Reputation: 390
im currently working on a project that uses a few microservices and one of them must do the same thing over and over again.
The code looks like this:
refresh: function(){
return somePromise
.then(doA)
.then(doB)
.then(doC)
.catch(error)
}
So currently another function calls this "refresh" function with setInterval every second.
The problem is that because of the async nature of these calls in refresh method, some bugs appear.
I changed the code to call the 'refresh' method again recursively in the last '.then' statement and removed the setInterval.
refresh: function(){
return somePromise
.then(doA)
.then(doB)
.then(doC)
.then(refresh)
}
Nowthe bugs appear to be gone and everything works perfectly.

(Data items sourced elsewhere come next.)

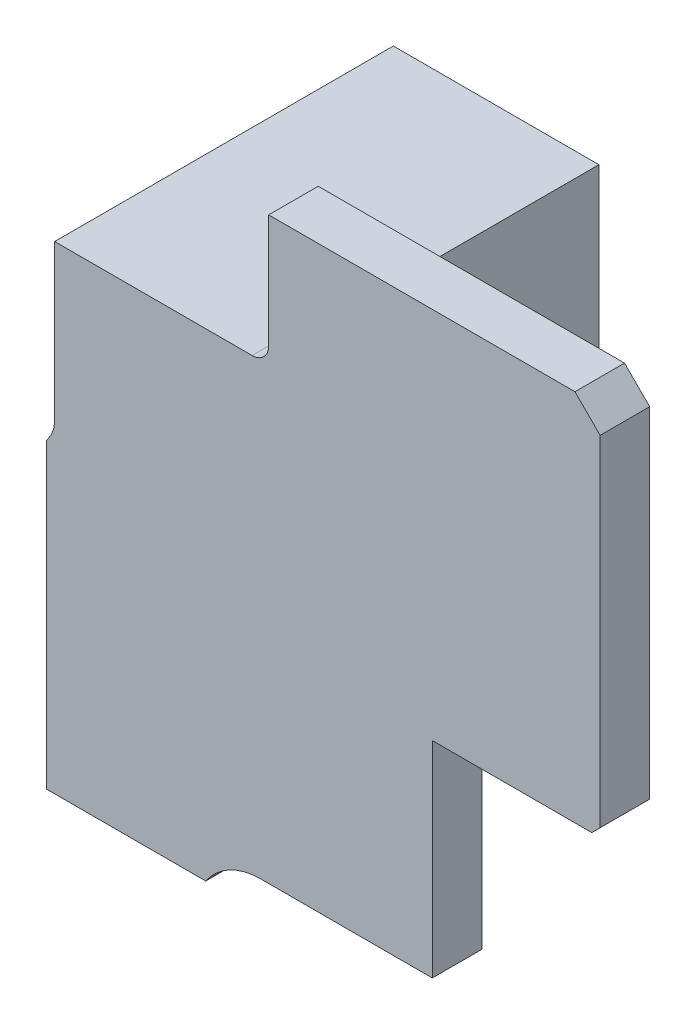
SolidWorks part; units mm, degrees
material "铜"
ref_plane "前视基准面" through (0, 0, 0) normal (0, 0, 1) x (1, 0, 0)
ref_plane "上视基准面" through (0, 0, 0) normal (0, 1, 0) x (1, 0, 0)
ref_plane "右视基准面" through (0, 0, 0) normal (1, 0, 0) x (0, 0, -1)
sketch "草图1" plane through (0, 0, 0) normal (0, 0, 1) x (1, 0, 0)
  line L0 (90.932, 85.09) -> (91.186, 85.344)
  line L1 (90.932, 75.946) -> (90.932, 85.09)
  line L2 (90.932, 75.946) -> (95.758, 75.946)
  line L6 (107.442, 83.058) -> (107.696, 83.312)
  line L7 (107.696, 83.312) -> (107.696, 93.599)
  line L8 (106.934, 94.361) -> (107.696, 93.599)
  line L9 (97.663, 94.361) -> (106.934, 94.361)
  line L10 (97.663, 90.9242) -> (97.663, 94.361)
  line L11 (97.1628, 90.424) -> (91.186, 90.424)
  line L12 (102.616, 83.058) -> (102.616, 76.8335)
  line L13 (91.186, 85.344) -> (91.186, 90.424)
  line L14 (95.758, 76.8335) -> (95.758, 75.946)
  line L15 (102.616, 83.058) -> (107.442, 83.058)
  line L16 (95.758, 76.8335) -> (102.616, 76.8335)
  arc A1 (97.663, 90.9242) -> (97.1628, 90.424) centre (97.1628, 90.9242) cw
  point P12 (102.616, 76.8335)
  point P13 (95.758, 76.8335)
extrude "凸台-拉伸1" add sketch "草图1" along normal blind 1.5 contours L13 L0 L1 L2 L6 L7 L8 L9 L10 region at (99.0239, 85.4048, 0)
sketch "草图2" plane through (0, 0, 0) normal (0, 0, 1) x (1, 0, 0)
  line L0 (90.932, 75.946) -> (90.932, 81.28)
  line L1 (90.932, 75.946) -> (95.25, 75.946)
  line L2 (95.25, 75.946) -> (95.25, 81.28)
  line L3 (90.932, 81.28) -> (95.25, 81.28)
extrude "凸台-拉伸2" add sketch "草图2" against normal blind 1.5 from surface starting at face at (98.8896, 85.294, 0)
sketch "草图3" plane through (0, 0, 0) normal (0, 0, 1) x (1, 0, 0)
  line L0 (97.409, 85.344) -> (97.409, 90.424)
  line L1 (91.186, 85.344) -> (97.409, 85.344)
  line L2 (91.186, 85.344) -> (91.186, 90.424)
  line L3 (91.186, 90.424) -> (97.409, 90.424)
extrude "凸台-拉伸3" add sketch "草图3" against normal blind 8.75 from surface starting at face at (98.4614, 84.8218, 0)
fillet "圆角1" radius 1 1 edges at (91.186, 85.344, 0.75)
fillet "圆角2" radius 2 1 edges at (95.758, 76.8335, 0.75)

My question is: Is this a good practice? Are there any memory problems with calling the "refresh" method recursively in the last '.then' statement?
Upvotes: 0
Views: 365
Reputation: 707158
Is this a good practice?
If you just want it to repeat whenever it finishes and make sure the next iteration doesn't start before the previous one finishes, this is a perfectly fine practice (much better than setInterval()
). Your looping stops if there's a rejection anywhere so you may want to code what should happen with a .catch()
.
Are there any memory problems with calling the "refresh" method recursively in the last '.then' statement?
No. There are not. Since .then()
is always called asynchronously, the stack always gets to unwind and since you presumably have async operations in your chain, there should be time for normal garbage collection.
See Building a promise chain recursively in javascript - memory considerations for more discussion of memory consumption during the looping.
FYI, this must be pseudo-code because a function defined as a property refresh: function() {}
won't be directly callable with .then(refresh)
. So, I'm assuming you did that properly in your real code.